# good cheap dog food?



## anoukaimee (May 2, 2015)

I just got my Enzo about two months ago, and am having trouble convincing him to eat food that is highly rated and yet cheap. He is a companion animal I'm on SSDI and food stamps myself, and while I'd love to pay $40 for a bag of dog food, it just isn't possible.

I researched foods, and found that Trader Joe's has a lamb and rice kibble that is considered pretty good. It's about $20 for 20 lbs. But he just doesn't like it. I even try mixing in some of their wet food, and he isn't thrilled.

Does anyone know of a "good tasting," very inexpensive, and healthy dog food? Trader Joe's does have a chicken version, but I haven't seen any reviews of it. If worse comes to worst, I'll try that next, and hope for the best.

Thanks for your help.


----------



## CptJack (Jun 3, 2012)

The Sportmix Food (I feed Energy Plus, mostly but have fed the others) is about 25.00-30.00/40lbs, and my dogs have done better on it than they have things like Wellness Core which are about 3 times as expensive. I don't know where it's available besides Tractor Supply Company, though.

I also don't know how much your dog will like it, but mine are pretty inclined to scarf it down.


----------



## Shell (Oct 19, 2009)

I like the Sportmix Wholesomes which are $30 for 40 lbs at Tractor Supply. Made by the same company that makes Earthborn Holistic. Good rep.

My dogs have also done well on the Diamond Naturals Extreme Athlete which is maybe $35 for 40 lbs?

Fromm Classic is a bit harder to find since it isn't in the big stores like PetSmart, but it run about 35$ for 33 lbs and the company has a very good reputation for quality control. I have used it for my fosters in the past and for my own dogs and all have done well on it and ate it right up.

Pro Pac is another I like that is found in many pet stores, around $1 per lb. Made by the same company as Sportmix and earthborn. 

Eagle Pack is very slightly pricier, at maybe $35-40 for 30 lbs but has several options that might suit your dog's needs.


----------



## Remaru (Mar 16, 2014)

I feed Sportmix Wholesomes Chicken and Rice to my pack. I pay $29 for 40lbs at Tractor Supply, I can't really do much better price wise and it rates really well. My dogs have done better on it than anything else I've tried, it is the only thing my husky mix can really eat and it got rid of my bully mixes' nasty breath. I'm really happy with it. The Diamond Naturals foods are also a good price, as are the 4health foods (all available at Tractor Supply). If you have a Costco available Nature's Domain is good quality and good price (still Diamond Brand).


----------



## Willowy (Dec 10, 2007)

I'll also recommend Sportmix Wholesomes. My dogs are doing better on it than any other food I've tried. Diamond Naturals Extreme Athlete is a good one if you need a higher-calorie food.


----------



## anoukaimee (May 2, 2015)

Great! Thanks for all your input. Looks like there's quite a consensus. I don't have a car and would rather try these out first, so going to contact makers and see if they'd be willing to send me some samples.

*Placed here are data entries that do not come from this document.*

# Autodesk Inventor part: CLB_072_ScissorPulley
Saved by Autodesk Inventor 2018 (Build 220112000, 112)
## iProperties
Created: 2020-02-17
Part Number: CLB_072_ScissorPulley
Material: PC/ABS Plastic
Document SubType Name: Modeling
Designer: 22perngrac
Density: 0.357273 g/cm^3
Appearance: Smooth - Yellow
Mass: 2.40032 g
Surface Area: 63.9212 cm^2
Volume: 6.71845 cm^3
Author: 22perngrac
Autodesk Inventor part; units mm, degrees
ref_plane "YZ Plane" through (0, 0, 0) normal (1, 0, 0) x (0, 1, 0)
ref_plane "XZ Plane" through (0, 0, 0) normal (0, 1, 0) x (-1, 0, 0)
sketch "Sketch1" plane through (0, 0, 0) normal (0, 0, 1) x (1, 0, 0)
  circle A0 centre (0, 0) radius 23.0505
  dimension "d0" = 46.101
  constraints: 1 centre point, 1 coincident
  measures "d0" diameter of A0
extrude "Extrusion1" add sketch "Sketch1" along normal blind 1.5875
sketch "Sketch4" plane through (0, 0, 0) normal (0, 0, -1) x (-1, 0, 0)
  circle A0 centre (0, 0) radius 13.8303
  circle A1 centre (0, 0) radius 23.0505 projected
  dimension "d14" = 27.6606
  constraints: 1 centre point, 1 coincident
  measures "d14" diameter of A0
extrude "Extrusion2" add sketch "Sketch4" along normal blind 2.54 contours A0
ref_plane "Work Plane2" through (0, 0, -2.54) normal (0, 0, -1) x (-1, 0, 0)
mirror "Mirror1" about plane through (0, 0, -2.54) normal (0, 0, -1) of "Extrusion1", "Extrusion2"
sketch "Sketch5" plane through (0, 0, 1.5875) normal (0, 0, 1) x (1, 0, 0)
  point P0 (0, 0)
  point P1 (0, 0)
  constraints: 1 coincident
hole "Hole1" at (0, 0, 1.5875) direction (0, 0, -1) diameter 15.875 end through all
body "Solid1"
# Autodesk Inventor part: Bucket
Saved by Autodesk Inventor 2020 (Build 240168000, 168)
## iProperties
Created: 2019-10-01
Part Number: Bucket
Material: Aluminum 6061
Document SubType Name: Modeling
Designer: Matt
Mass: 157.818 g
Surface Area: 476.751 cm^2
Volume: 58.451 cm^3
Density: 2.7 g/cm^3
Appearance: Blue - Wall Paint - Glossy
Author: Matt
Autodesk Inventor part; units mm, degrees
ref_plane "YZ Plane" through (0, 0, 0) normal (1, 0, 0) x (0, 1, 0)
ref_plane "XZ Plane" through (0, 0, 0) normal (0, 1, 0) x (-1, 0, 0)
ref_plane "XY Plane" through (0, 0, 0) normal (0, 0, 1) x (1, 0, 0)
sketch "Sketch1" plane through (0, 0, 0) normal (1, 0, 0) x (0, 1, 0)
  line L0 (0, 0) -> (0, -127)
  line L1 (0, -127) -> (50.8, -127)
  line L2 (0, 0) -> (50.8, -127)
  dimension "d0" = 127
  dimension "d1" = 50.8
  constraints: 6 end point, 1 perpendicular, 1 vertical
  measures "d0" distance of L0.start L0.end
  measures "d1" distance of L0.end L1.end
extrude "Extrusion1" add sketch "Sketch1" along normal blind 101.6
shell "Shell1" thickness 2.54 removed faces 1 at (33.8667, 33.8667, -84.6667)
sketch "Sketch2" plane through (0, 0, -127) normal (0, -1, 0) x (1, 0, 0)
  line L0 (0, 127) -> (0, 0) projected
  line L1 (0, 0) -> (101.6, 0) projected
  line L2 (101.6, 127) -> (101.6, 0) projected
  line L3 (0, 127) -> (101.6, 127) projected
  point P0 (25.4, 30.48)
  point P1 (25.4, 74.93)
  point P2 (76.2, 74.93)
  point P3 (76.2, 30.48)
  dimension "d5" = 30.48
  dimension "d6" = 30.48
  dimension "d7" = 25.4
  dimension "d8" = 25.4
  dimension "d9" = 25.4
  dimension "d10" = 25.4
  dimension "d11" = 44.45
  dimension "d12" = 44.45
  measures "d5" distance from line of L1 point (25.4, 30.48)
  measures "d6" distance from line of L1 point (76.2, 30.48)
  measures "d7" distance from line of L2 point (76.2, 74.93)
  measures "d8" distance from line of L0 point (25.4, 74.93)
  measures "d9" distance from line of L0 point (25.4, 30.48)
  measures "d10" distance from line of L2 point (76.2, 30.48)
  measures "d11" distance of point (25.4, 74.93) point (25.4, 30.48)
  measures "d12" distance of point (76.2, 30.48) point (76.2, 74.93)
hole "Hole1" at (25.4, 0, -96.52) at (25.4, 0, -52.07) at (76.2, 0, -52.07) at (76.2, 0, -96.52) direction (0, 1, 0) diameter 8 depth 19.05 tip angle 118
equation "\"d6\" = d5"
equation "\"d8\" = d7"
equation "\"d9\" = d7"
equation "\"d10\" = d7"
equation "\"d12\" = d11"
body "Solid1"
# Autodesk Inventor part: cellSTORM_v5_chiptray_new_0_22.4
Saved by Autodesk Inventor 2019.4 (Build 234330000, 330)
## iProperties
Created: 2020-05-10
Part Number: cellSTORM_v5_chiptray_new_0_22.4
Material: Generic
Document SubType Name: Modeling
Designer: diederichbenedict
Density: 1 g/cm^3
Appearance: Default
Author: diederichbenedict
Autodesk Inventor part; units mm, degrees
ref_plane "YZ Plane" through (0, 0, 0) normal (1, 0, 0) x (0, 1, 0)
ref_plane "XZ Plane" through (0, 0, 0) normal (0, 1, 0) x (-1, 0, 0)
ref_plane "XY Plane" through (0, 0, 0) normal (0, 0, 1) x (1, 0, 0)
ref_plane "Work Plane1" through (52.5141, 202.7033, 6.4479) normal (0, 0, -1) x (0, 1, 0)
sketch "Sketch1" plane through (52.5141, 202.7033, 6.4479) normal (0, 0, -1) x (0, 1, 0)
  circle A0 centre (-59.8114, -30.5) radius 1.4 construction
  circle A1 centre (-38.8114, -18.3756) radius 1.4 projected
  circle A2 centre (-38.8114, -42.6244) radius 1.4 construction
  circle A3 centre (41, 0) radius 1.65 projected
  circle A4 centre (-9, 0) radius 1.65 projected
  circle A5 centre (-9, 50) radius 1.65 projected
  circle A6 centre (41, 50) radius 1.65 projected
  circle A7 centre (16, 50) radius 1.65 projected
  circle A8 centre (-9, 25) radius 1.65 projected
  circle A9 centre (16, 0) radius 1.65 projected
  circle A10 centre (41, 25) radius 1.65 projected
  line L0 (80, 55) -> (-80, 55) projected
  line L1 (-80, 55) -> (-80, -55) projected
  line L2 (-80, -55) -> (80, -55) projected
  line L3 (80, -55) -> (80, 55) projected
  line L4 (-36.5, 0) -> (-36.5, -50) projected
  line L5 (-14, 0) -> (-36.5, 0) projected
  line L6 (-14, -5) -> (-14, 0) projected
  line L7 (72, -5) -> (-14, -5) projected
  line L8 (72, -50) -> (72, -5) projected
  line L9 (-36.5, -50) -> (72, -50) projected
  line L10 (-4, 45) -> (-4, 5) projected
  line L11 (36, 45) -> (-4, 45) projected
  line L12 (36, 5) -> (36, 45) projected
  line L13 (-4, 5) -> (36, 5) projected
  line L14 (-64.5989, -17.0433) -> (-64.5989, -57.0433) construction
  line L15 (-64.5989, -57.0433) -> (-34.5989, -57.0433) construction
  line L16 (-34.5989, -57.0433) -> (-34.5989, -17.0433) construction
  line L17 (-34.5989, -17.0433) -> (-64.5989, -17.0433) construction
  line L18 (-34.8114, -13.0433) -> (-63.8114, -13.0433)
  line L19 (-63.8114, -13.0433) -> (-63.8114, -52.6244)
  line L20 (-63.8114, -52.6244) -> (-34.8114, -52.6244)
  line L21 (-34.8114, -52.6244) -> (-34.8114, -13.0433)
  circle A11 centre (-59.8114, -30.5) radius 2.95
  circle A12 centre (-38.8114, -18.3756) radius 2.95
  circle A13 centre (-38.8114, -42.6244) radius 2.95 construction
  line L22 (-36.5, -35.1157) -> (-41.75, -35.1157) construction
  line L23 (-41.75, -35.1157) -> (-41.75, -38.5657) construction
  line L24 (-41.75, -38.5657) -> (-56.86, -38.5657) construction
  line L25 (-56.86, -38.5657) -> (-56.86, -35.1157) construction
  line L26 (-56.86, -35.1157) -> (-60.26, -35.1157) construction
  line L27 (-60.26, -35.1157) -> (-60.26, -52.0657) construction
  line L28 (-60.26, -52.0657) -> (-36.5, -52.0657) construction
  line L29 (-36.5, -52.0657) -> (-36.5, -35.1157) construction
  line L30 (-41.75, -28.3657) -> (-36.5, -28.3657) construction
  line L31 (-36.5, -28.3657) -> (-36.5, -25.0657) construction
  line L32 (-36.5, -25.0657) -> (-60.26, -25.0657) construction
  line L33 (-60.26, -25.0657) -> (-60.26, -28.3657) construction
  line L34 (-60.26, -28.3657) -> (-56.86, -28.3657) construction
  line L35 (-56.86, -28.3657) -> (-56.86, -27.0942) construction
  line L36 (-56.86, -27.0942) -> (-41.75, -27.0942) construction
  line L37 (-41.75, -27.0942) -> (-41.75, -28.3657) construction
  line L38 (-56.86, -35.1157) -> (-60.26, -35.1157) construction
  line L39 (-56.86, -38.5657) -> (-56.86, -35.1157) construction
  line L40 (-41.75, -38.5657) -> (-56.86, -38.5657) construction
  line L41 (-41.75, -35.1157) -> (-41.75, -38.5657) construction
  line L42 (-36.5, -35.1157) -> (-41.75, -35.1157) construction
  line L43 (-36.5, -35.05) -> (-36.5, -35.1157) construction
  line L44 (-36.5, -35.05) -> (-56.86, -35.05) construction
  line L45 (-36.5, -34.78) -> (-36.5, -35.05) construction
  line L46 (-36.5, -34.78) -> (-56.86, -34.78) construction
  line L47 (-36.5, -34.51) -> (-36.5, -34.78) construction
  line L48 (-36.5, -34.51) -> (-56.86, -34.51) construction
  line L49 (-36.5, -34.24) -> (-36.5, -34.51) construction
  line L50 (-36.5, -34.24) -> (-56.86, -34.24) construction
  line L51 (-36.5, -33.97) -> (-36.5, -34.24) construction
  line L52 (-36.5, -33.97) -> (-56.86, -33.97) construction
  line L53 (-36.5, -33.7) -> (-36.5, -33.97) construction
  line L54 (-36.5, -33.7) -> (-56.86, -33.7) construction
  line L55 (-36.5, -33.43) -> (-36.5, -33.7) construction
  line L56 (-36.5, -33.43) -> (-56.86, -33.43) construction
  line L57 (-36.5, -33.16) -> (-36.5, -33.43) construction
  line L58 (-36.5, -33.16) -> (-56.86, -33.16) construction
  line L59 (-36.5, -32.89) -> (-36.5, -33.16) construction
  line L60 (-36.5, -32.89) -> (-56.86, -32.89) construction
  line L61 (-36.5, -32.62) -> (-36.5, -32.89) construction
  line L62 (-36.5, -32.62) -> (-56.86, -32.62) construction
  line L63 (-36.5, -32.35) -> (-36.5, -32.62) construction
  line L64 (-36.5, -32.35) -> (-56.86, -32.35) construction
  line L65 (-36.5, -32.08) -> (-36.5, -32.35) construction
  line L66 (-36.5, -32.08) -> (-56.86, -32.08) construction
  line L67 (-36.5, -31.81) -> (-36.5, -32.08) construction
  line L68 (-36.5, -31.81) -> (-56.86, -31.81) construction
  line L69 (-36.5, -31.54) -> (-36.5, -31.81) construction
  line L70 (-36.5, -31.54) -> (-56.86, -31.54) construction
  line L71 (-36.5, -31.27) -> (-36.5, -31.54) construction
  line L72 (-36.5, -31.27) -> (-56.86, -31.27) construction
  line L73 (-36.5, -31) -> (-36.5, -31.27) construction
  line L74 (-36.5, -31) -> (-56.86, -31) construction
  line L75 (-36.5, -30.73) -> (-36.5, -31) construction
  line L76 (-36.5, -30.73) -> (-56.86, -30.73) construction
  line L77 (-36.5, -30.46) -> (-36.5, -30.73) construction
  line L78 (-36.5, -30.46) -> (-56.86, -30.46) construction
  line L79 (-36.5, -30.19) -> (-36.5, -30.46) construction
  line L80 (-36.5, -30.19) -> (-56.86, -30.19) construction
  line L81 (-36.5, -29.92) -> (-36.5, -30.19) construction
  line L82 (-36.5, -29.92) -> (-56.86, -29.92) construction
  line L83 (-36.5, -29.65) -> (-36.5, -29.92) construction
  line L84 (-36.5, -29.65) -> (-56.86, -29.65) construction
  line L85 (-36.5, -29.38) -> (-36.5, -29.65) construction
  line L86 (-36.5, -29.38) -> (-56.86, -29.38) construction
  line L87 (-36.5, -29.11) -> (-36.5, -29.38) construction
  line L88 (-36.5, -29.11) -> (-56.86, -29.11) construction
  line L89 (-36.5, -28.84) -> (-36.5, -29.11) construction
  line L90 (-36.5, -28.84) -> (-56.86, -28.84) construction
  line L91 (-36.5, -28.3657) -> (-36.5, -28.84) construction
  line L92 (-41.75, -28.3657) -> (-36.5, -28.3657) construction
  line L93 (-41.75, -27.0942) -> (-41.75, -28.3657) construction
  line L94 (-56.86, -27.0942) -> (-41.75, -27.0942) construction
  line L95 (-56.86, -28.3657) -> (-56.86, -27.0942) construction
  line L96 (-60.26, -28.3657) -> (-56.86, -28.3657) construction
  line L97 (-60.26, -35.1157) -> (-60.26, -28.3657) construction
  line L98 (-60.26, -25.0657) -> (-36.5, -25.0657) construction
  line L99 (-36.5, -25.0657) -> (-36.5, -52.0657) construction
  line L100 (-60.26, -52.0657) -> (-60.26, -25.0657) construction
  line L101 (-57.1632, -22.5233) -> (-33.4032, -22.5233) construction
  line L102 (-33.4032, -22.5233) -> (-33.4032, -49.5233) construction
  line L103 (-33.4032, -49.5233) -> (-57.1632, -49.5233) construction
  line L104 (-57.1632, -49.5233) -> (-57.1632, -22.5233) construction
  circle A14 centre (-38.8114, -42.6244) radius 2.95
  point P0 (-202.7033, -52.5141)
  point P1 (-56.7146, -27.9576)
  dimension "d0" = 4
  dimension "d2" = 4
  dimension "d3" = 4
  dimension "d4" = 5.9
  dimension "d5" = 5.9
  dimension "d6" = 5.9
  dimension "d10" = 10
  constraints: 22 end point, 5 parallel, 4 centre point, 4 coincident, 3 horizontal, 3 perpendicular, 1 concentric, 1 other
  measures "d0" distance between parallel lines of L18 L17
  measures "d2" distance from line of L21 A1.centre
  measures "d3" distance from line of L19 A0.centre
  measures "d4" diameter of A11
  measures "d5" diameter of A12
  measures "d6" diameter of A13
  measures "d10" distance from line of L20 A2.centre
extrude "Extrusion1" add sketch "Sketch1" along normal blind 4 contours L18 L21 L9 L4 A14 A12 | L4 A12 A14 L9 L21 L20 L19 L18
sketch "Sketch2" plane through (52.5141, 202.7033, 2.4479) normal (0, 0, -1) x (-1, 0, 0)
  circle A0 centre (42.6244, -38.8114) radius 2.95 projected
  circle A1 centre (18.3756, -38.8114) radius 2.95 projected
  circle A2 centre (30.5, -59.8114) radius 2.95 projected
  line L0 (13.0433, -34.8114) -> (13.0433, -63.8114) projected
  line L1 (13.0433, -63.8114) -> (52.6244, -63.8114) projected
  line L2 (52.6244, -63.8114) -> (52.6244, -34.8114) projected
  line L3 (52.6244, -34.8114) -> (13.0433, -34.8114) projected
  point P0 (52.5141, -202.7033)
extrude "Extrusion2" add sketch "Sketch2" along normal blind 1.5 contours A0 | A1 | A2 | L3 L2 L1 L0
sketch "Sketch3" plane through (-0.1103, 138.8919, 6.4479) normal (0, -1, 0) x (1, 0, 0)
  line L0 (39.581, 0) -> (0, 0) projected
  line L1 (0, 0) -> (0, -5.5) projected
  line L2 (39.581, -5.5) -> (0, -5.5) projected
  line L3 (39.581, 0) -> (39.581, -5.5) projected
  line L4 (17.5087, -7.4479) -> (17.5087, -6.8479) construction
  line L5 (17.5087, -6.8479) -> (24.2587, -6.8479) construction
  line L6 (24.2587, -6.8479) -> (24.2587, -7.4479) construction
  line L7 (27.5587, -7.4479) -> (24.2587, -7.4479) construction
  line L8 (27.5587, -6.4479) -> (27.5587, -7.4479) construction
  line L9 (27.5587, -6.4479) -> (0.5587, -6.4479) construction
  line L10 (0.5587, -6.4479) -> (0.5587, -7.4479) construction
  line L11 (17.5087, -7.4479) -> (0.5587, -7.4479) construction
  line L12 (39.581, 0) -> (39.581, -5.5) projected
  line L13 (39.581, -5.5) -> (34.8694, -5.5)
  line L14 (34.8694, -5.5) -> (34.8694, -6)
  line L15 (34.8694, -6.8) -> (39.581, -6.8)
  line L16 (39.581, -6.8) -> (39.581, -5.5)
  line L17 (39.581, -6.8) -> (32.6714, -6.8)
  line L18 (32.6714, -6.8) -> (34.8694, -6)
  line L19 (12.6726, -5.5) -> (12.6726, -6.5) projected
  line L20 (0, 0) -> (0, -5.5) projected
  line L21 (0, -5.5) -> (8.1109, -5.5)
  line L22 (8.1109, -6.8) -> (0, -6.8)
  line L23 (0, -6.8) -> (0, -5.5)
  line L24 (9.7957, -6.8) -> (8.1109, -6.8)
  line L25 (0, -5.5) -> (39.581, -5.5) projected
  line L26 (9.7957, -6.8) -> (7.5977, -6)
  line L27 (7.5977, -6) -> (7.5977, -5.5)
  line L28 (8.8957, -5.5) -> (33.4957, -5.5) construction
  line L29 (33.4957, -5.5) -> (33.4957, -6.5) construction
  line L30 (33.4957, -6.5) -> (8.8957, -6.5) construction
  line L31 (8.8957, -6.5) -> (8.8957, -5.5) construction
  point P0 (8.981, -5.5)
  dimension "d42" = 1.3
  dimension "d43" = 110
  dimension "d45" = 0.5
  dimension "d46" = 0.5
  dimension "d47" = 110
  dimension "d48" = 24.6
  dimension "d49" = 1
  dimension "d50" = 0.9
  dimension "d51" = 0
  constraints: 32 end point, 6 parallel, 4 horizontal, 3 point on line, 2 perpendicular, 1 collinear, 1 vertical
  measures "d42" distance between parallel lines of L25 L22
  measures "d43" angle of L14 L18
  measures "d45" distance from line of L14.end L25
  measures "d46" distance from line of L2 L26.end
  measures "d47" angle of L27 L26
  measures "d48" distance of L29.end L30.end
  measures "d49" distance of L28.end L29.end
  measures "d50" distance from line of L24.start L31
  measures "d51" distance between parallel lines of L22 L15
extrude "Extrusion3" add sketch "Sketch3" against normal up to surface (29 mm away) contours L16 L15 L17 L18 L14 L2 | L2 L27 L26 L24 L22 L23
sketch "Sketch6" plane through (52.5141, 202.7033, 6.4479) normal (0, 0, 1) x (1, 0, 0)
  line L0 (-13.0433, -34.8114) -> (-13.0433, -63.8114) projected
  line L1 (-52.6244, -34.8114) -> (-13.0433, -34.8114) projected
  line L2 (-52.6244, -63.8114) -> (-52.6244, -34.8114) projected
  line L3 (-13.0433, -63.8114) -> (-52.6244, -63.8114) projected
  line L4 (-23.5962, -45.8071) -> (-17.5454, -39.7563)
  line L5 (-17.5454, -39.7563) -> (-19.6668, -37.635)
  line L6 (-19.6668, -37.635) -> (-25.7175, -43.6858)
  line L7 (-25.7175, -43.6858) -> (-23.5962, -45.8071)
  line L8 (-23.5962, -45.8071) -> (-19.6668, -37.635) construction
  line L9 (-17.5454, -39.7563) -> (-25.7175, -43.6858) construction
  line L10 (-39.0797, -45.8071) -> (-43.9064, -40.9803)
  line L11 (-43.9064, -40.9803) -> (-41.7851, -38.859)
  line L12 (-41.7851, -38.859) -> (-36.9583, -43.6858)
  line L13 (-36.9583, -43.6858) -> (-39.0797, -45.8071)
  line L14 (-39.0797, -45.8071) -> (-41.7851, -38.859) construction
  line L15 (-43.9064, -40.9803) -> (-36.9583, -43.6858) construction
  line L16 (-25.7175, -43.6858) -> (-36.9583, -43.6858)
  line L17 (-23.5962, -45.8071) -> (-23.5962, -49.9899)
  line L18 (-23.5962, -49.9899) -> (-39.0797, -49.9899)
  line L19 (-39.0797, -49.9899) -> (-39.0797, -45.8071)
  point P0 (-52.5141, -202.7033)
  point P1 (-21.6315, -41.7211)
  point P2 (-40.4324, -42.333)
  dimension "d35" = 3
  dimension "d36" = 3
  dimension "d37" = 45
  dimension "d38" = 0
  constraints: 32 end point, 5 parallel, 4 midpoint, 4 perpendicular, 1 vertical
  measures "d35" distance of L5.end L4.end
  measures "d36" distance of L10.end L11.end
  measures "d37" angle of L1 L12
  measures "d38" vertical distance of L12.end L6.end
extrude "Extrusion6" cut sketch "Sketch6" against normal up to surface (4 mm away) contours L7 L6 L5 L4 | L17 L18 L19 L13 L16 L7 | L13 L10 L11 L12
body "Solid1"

BTW: do small dogs generally turn their noses up at big kibble? The Trader Joe's is pretty big. Wondering if that's part of the problem.


----------



## Remaru (Mar 16, 2014)

My smallest dog is 7lbs, right now she is eating my large breed puppy's food because she is weird. That kibble is huge, about the size of a quarter or a little bigger (it isn't all perfectly uniform in size). I have heard of tiny dogs being really picky about small kibble but unless there is something wrong with their teeth I think most can eat any kibble just fine. I think Blue just got bored and wanted to try something different. Sportmix is sort of in the middle, not really big but not little either.


----------



## Damon'sMom (Aug 2, 2011)

If you have a Tractor Supply try 4health! Its a good food! They have a grain inclusive line and a grain free line. You can get the grain inclusive for 35lb for $32, 18lb for $21, and 5lb for $7. The Grain free is a little more expensive, 30lb for $38, 16lb for $22, and 4 for $8. And you said your dog is small, they have a small breed in both varieties.

Other foods would be:
Propac
Sportmix Wholesomes
Fromm classes


----------



## WesS (May 12, 2015)

Unfortunately the combination of quality, tasty and cheap is not really three things that go together in dog food.
I would suggest buying in bigger bulk packages. For cheaper prices. Maybe even trying to get discounts by buying with a friend maybe.
Here is a great analysis of dog foods based on quality of ingredients.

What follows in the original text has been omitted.